Anatomy students at the University of Illinois now have brightly painted skulls to help them learn difficult structures.
Photo courtesy of Irenka Carney | University of Illinois
First year students at the University of Illinois College of Veterinary medicine are given a “bone box,” which contains the full skeleton of a small dog, to help them study the bones outside of their anatomy classes. At the end of the year, Ashley Lynch, an instructional laboratory specialist, collects the boxes and catalogs each bone and checks for damage. After coming across “I HATE ANATOMY” scrawled in ink on the right zygomatic arch of one of the skulls, Lynch had to come up with a way to cover the graffiti. The result: color-coded models that the students love.
When Lynch first found the graffiti, she tried several different solutions to remove the marks. “I tried taking the ink off with alcohol, pure acetone, and just about anything we could think of. Nothing took the marks off. The next step was to either stop using that skull or to paint over the marks,” she says.
The words covered such a large area that Lynch says she didn't want the next student to have a skull that had a large part of the skull painted white. And it was in otherwise perfect condition. She then had an idea: She'd use model paint to paint the entire skull and delineate the boundaries of each feature, instead of only painting over the part that had been defaced. “Our students struggle to see the boundaries of the individual bones because the suture lines aren't as obvious in adult skulls,” she says. When the next round of students saw the skull, they loved it. “It was like a civil war in the lab over who got to look at the skull.”
From there, she painted the skulls of a horse and a cow. “This time instead of painting both sides of the skull, I only painted the individual bones of one half of the skull and then I painted circles around the different holes on the other side of the skull,” she says.
Photo courtesy of Irenka Carney | University of Illinois
Creating each masterpiece
From start to finish it takes a little more than a week to complete one skull. They process their own skulls at the university. First, Lynch removes as much tissue as she can from the head, which takes several hours. Then, the skull is placed in with the colony of flesh eating beetles kept for this purpose, and after about a week the beetles have removed any remaining tissue.
From there, Lynch coats each skull with three coats of polyurethane over the course of two days, to keep the skull from disintegrating over time. Then comes the colorful portion of the project, which takes between two and four days. “I find a skull that has minimal damage to it and I spend time outlining a specific bone in its assigned color and then fill it in with color,” she says. “Then I move on to the next bone. For example, the maxillary bone on every specimen I paint is a bright pink, whether it's a horse skull, cow skull, dog skull, or cat skull-every species with a maxillary bone has it painted pink,” Lynch says. “Once the right side of the skull is painted, I then go to the left side of the skull and draw circles in specific colors around each opening in the skull. Every fossa and foramen and fissure has its own assigned color.”
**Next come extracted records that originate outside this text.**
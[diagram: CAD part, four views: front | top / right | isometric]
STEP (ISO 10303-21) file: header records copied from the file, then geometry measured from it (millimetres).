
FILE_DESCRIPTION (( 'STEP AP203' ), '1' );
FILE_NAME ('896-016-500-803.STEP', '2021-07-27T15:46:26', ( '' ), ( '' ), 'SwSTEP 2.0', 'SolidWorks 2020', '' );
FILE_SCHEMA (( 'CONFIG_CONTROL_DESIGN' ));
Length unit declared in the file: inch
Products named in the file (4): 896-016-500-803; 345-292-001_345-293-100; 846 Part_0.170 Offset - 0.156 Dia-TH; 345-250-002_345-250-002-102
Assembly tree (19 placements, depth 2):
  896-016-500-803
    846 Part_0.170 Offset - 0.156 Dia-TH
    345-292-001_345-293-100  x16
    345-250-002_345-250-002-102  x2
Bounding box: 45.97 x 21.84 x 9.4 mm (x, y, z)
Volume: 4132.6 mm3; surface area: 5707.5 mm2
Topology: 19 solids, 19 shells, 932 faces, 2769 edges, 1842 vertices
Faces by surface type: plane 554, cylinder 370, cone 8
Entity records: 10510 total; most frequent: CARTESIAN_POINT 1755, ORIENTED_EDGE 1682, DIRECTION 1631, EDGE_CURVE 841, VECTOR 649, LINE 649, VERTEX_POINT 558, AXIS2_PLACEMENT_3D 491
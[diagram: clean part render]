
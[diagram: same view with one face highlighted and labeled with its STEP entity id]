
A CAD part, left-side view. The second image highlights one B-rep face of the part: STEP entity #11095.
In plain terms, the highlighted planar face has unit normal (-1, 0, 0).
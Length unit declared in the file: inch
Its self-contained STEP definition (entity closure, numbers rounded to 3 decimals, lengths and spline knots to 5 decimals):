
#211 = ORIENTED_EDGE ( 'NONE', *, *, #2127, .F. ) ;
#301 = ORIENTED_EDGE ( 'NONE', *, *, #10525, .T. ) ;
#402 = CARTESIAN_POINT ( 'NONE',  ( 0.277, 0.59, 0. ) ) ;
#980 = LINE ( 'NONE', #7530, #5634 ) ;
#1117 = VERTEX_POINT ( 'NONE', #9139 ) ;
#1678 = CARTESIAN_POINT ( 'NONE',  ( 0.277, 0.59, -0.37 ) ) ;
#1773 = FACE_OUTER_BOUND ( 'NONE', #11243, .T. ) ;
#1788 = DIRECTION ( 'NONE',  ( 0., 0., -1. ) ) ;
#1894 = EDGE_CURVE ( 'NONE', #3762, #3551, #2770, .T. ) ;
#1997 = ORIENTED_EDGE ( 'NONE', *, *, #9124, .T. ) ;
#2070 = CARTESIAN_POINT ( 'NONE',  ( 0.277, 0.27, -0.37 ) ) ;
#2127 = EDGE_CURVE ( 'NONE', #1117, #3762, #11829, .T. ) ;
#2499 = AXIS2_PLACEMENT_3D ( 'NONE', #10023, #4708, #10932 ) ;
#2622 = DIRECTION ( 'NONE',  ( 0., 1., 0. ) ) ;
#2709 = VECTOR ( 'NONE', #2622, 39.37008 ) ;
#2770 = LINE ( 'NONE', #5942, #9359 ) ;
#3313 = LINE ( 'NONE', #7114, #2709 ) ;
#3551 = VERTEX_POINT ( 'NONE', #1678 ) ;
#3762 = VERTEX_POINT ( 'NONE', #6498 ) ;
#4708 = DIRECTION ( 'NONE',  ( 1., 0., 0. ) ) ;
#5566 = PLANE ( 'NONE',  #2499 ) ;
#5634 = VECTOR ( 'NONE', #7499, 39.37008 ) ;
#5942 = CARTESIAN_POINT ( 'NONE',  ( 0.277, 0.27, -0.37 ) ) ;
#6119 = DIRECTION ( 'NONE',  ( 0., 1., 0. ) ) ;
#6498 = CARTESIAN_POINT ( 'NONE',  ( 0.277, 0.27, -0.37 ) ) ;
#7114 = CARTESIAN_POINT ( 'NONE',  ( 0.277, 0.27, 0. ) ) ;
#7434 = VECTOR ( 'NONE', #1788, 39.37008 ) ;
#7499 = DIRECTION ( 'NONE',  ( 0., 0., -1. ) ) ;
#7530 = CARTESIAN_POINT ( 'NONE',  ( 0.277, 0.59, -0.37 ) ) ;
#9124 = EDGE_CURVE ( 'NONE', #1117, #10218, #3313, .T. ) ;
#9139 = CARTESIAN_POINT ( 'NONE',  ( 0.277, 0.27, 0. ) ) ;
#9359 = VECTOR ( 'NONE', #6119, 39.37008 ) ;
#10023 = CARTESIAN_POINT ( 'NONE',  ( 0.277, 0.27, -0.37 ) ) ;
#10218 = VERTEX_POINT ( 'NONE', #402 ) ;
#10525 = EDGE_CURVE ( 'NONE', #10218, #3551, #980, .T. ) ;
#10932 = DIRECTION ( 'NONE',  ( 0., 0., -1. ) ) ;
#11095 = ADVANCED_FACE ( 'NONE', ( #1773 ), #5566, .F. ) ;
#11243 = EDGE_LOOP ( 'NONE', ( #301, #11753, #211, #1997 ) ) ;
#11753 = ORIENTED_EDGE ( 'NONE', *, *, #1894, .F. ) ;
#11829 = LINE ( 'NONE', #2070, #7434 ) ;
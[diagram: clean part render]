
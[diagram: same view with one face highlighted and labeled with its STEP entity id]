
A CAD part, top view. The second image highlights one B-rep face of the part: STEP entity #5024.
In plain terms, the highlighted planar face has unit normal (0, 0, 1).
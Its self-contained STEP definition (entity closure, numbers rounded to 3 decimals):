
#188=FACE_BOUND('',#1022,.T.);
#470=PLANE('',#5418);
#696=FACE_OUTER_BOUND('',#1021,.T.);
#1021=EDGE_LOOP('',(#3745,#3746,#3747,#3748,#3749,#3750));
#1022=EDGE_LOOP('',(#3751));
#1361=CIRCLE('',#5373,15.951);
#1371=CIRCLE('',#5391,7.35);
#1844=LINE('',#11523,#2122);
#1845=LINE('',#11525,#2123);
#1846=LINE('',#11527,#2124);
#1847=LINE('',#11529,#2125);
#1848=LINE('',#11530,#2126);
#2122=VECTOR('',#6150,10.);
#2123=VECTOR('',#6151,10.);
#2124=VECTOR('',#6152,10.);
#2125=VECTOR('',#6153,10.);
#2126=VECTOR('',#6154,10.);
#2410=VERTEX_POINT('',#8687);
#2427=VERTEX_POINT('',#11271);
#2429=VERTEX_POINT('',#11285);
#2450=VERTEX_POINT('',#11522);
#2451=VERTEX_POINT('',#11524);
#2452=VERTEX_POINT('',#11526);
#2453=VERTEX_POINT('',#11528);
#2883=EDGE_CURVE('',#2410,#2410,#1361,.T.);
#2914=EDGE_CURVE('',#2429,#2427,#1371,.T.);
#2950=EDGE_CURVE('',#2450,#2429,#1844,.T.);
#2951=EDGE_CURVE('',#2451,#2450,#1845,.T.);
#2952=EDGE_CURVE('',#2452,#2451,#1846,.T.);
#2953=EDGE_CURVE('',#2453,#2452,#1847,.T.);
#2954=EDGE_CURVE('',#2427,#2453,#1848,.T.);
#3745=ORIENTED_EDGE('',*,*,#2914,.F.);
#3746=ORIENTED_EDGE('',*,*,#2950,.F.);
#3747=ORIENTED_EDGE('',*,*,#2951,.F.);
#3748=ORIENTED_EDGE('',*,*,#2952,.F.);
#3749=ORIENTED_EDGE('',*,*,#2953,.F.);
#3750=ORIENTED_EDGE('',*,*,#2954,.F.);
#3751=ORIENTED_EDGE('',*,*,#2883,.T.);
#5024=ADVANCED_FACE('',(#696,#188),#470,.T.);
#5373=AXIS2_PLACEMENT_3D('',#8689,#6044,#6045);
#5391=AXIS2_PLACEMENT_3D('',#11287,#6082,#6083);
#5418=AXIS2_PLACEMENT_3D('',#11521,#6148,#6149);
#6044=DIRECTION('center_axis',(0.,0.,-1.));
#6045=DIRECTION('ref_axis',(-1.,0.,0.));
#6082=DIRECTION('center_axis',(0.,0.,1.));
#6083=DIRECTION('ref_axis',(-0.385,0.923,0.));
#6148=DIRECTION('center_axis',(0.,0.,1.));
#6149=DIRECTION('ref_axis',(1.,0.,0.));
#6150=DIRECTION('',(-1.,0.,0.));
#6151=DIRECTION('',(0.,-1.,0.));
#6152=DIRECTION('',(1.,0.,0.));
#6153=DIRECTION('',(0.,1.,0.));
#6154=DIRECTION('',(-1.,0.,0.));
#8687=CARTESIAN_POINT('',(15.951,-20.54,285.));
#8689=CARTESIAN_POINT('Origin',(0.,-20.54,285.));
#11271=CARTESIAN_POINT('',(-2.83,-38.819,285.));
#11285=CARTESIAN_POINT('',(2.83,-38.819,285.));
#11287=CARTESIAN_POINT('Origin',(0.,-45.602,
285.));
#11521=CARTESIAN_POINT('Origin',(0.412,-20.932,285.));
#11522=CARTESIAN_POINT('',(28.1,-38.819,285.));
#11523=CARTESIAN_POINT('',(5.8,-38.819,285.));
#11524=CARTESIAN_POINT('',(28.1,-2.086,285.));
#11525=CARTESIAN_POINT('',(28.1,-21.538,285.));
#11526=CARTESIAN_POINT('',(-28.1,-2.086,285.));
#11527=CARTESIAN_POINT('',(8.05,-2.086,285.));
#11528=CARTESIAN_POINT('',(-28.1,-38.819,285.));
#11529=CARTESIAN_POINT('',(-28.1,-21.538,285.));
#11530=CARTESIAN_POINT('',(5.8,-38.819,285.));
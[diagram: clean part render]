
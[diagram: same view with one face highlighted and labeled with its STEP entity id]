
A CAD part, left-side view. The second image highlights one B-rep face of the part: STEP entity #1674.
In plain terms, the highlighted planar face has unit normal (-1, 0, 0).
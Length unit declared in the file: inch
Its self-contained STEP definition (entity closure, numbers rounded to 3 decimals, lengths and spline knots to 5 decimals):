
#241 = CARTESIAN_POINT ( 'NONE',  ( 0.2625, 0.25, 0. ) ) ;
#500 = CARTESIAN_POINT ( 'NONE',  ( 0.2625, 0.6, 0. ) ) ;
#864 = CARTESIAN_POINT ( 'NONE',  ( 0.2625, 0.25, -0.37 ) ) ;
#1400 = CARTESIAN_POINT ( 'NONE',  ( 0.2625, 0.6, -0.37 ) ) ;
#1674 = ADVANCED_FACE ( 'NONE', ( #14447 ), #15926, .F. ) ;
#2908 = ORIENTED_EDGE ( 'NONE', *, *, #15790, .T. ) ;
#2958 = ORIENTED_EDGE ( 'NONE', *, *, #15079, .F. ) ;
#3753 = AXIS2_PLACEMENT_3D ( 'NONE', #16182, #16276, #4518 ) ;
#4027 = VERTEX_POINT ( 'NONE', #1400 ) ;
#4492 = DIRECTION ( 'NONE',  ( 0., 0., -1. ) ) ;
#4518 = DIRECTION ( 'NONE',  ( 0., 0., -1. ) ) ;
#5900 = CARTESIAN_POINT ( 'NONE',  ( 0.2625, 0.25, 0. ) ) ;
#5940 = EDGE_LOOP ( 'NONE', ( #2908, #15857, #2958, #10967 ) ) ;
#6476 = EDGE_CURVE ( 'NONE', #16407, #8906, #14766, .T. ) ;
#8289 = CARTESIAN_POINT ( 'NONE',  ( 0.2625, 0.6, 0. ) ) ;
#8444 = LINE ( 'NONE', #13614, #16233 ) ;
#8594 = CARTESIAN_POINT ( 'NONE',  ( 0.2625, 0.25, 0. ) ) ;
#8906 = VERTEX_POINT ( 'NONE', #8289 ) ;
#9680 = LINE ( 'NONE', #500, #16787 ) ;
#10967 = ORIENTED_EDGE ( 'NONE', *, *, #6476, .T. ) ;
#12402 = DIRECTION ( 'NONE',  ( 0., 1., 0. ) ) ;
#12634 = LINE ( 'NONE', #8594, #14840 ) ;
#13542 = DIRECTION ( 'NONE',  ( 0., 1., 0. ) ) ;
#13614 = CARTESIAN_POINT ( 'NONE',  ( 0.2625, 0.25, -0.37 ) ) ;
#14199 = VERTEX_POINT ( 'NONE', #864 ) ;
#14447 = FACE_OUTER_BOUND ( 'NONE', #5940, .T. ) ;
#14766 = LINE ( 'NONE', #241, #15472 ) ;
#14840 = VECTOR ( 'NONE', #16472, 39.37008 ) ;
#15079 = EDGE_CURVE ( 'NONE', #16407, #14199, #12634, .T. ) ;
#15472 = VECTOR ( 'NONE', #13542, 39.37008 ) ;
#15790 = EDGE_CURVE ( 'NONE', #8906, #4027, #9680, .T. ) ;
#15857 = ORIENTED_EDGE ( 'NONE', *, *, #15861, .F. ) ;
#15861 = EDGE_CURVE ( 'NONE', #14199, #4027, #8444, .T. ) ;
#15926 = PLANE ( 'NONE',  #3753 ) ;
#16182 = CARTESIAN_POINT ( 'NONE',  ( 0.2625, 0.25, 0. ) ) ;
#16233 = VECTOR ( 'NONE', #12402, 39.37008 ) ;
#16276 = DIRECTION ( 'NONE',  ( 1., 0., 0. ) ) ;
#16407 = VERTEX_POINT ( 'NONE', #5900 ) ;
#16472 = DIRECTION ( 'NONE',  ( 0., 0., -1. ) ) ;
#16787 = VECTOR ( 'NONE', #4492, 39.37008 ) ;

Photo courtesy of Irenka Carney | University of Illinois
Works that last
In the two years that the skulls have been in rotation, they've held up well with no damage being done to the skull or its paint job. And the students love them: “Students have come up to me and said they finally understood the skull after looking at the painted ones, or that the skull helped them figure out which foramen, fossa or fissure was which,” Lynch says.
Next year's students will have even more visuals to use as Lynch has also completed a set of canine forelimb bones. She plans to expand the collection to include a forelimb, hindlimb and vertebral column for each species that the students work with.